__Exercise instructions__
Output range, inclusive: from the line containing "-1) x (-1, 0, 0)" to the line containing "(0, 1.5, 35)". Restate those lines from the data below word for word and only those.

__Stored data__
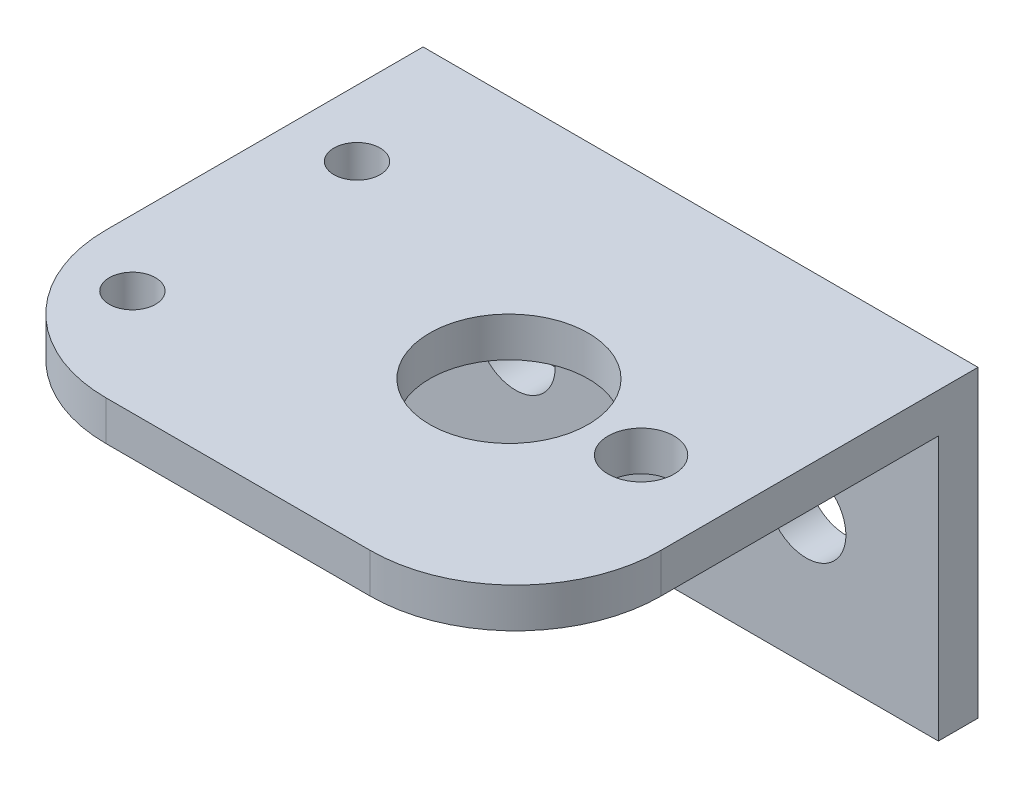
SolidWorks part; units mm, degrees
ref_plane "Front Plane" through (0, 0, 0) normal (0, 0, 1) x (1, 0, 0)
ref_plane "Top Plane" through (0, 0, 0) normal (0, 1, 0) x (1, 0, 0)
ref_plane "Right Plane" through (0, 0, 0) normal (1, 0, 0) x (0, 0, -1)
sketch "Sketch1" plane through (0, 0, 0) normal (0, 1, 0) x (1, 0, 0)
  line L0 (5, -10) -> (5, -27) construction
  line L1 (0, 0) -> (42, 0)
  line L2 (0, 0) -> (0, -35)
  line L3 (0, -35) -> (42, -35)
  line L4 (42, 0) -> (42, -35)
  line L5 (5, -18.5) -> (78.5425, -18.5) construction
  line L6 (76.0507, 18.6222) -> (80.4984, -47.6371) construction
  circle A0 centre (5, -10) radius 1.75
  circle A1 centre (5, -27) radius 1.75
  circle A2 centre (25, -18.5) radius 6
  circle A3 centre (35, -18.5) radius 2.5
  dimension "D6" = 3.5
  dimension "D7" = 3.5
  dimension "D10" = 12
  dimension "D11" = 5
  dimension "D1" = 42
  dimension "D2" = 35
  dimension "D3" = 17
  dimension "D4" = 10
  dimension "D5" = 5
  dimension "D8" = 20
  dimension "D9" = 30
extrude "Boss-Extrude1" add sketch "Sketch1" along normal blind 3
sketch "Sketch2" plane through (0, 0, 0) normal (0, -1, 0) x (1, 0, 0)
  line L0 (42, 35) -> (42, 0) construction
  line L1 (0, 0) -> (42, 0)
  line L2 (0, 0) -> (0, 3)
  line L3 (0, 3) -> (42, 3)
  line L4 (42, 0) -> (42, 3)
  dimension "D1" = 3
extrude "Boss-Extrude2" add sketch "Sketch2" along normal blind 20
sketch "Sketch3" plane through (0, 0, 0) normal (0, 0, -1) x (-1, 0, 0)
  line L0 (-42, 3) -> (-42, -20) construction
  line L1 (0, 3) -> (0, -20) construction
  line L2 (-42, 0) -> (0, 0) construction
  line L3 (-42, 0) -> (0, 0) construction
  circle A0 centre (-32, -10) radius 3
  circle A1 centre (-10, -10) radius 3
  dimension "D1" = 6
  dimension "D2" = 6
  dimension "D3" = 10
  dimension "D4" = 10
  dimension "D5" = 10
  dimension "D6" = 10
extrude "Cut-Extrude1" cut sketch "Sketch3" against normal blind 20
fillet "Fillet1" radius 11 2 edges at (42, 1.5, 35) (0, 1.5, 35)
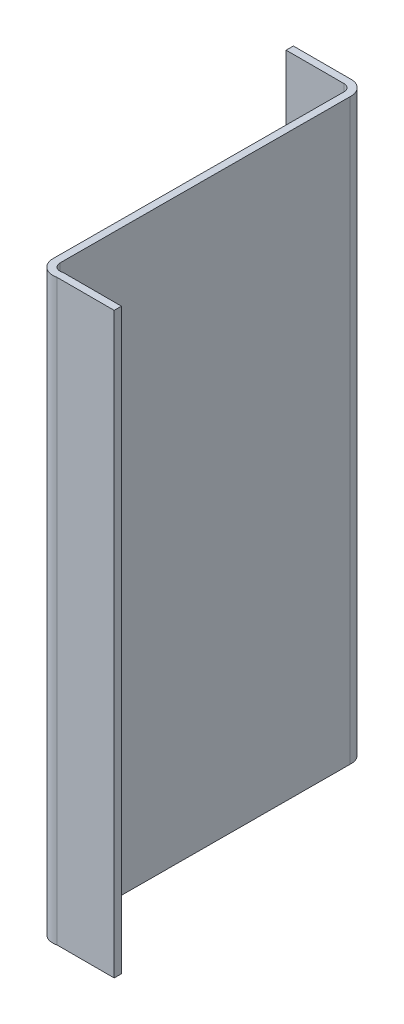
SolidWorks part; units mm, degrees
ref_plane "Front Plane" through (0, 0, 0) normal (0, 0, 1) x (1, 0, 0)
ref_plane "Top Plane" through (0, 0, 0) normal (0, 1, 0) x (1, 0, 0)
ref_plane "Right Plane" through (0, 0, 0) normal (1, 0, 0) x (0, 0, -1)
sketch "Sketch1" plane through (0, 0, 0) normal (0, 1, 0) x (1, 0, 0)
  line L0 (-46.7261, 153.6132) -> (-6.725, 153.6132)
  line L1 (0.7482, 145.477) -> (0, -54.523)
  line L2 (9.6607, -61.7333) -> (49.6619, -61.7333)
  arc A0 (-6.725, 153.6132) -> (0.7482, 145.477) centre (-6.725, 146.113) cw
  arc A1 (0, -54.523) -> (9.6607, -61.7333) centre (7.5002, -54.5511) ccw
  dimension "D1" = 200
  dimension "D3" = 7.5002
  dimension "D2" = 40.0011
extrude "Extrude-Thin1" add sketch "Sketch1" along normal blind 400 thin thin type mid plane wall 5
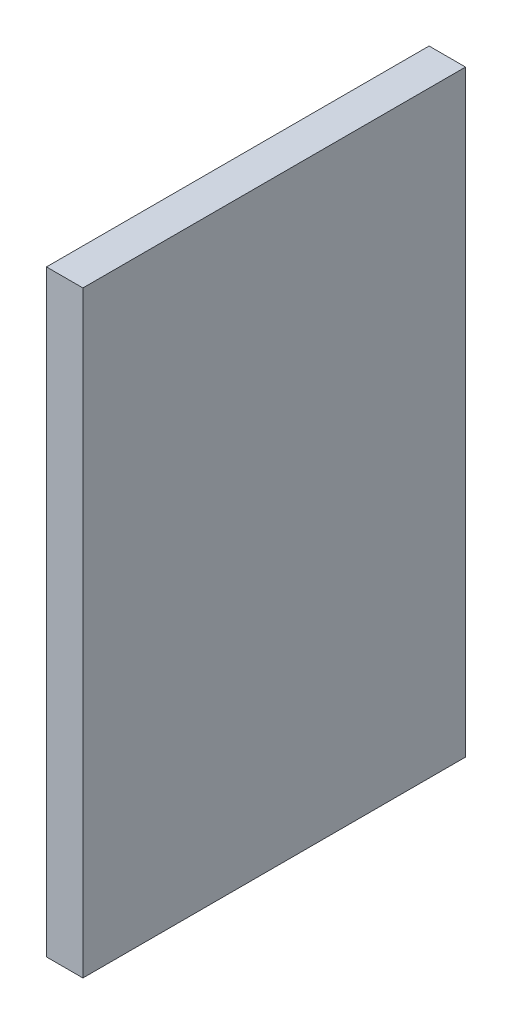
SolidWorks part; units mm, degrees
ref_plane "Front Plane" through (0, 0, 0) normal (0, 0, 1) x (1, 0, 0)
ref_plane "Top Plane" through (0, 0, 0) normal (0, 1, 0) x (1, 0, 0)
ref_plane "Right Plane" through (0, 0, 0) normal (1, 0, 0) x (0, 0, -1)
sketch "Sketch1" plane through (0, 0, 0) normal (0, 1, 0) x (1, 0, 0)
  line L1 (-19.05, 187.325) -> (19.05, 187.325)
  line L2 (-19.05, 187.325) -> (-19.05, -212.725)
  line L3 (-19.05, -212.725) -> (19.05, -212.725)
  line L4 (19.05, 187.325) -> (19.05, -212.725)
  dimension "D1" = 38.1
  dimension "D2" = 400.05
  dimension "D3" = 19.05
  dimension "D4" = 187.325
extrude "Boss-Extrude1" add sketch "Sketch1" along normal mid plane 624.84

__Task result__
sketch "Sketch3" plane through (0, 0, 0) normal (0, 0, -1) x (-1, 0, 0)
  line L0 (-42, 3) -> (-42, -20) construction
  line L1 (0, 3) -> (0, -20) construction
  line L2 (-42, 0) -> (0, 0) construction
  line L3 (-42, 0) -> (0, 0) construction
  circle A0 centre (-32, -10) radius 3
  circle A1 centre (-10, -10) radius 3
  dimension "D1" = 6
  dimension "D2" = 6
  dimension "D3" = 10
  dimension "D4" = 10
  dimension "D5" = 10
  dimension "D6" = 10
extrude "Cut-Extrude1" cut sketch "Sketch3" against normal blind 20
fillet "Fillet1" radius 11 2 edges at (42, 1.5, 35) (0, 1.5, 35)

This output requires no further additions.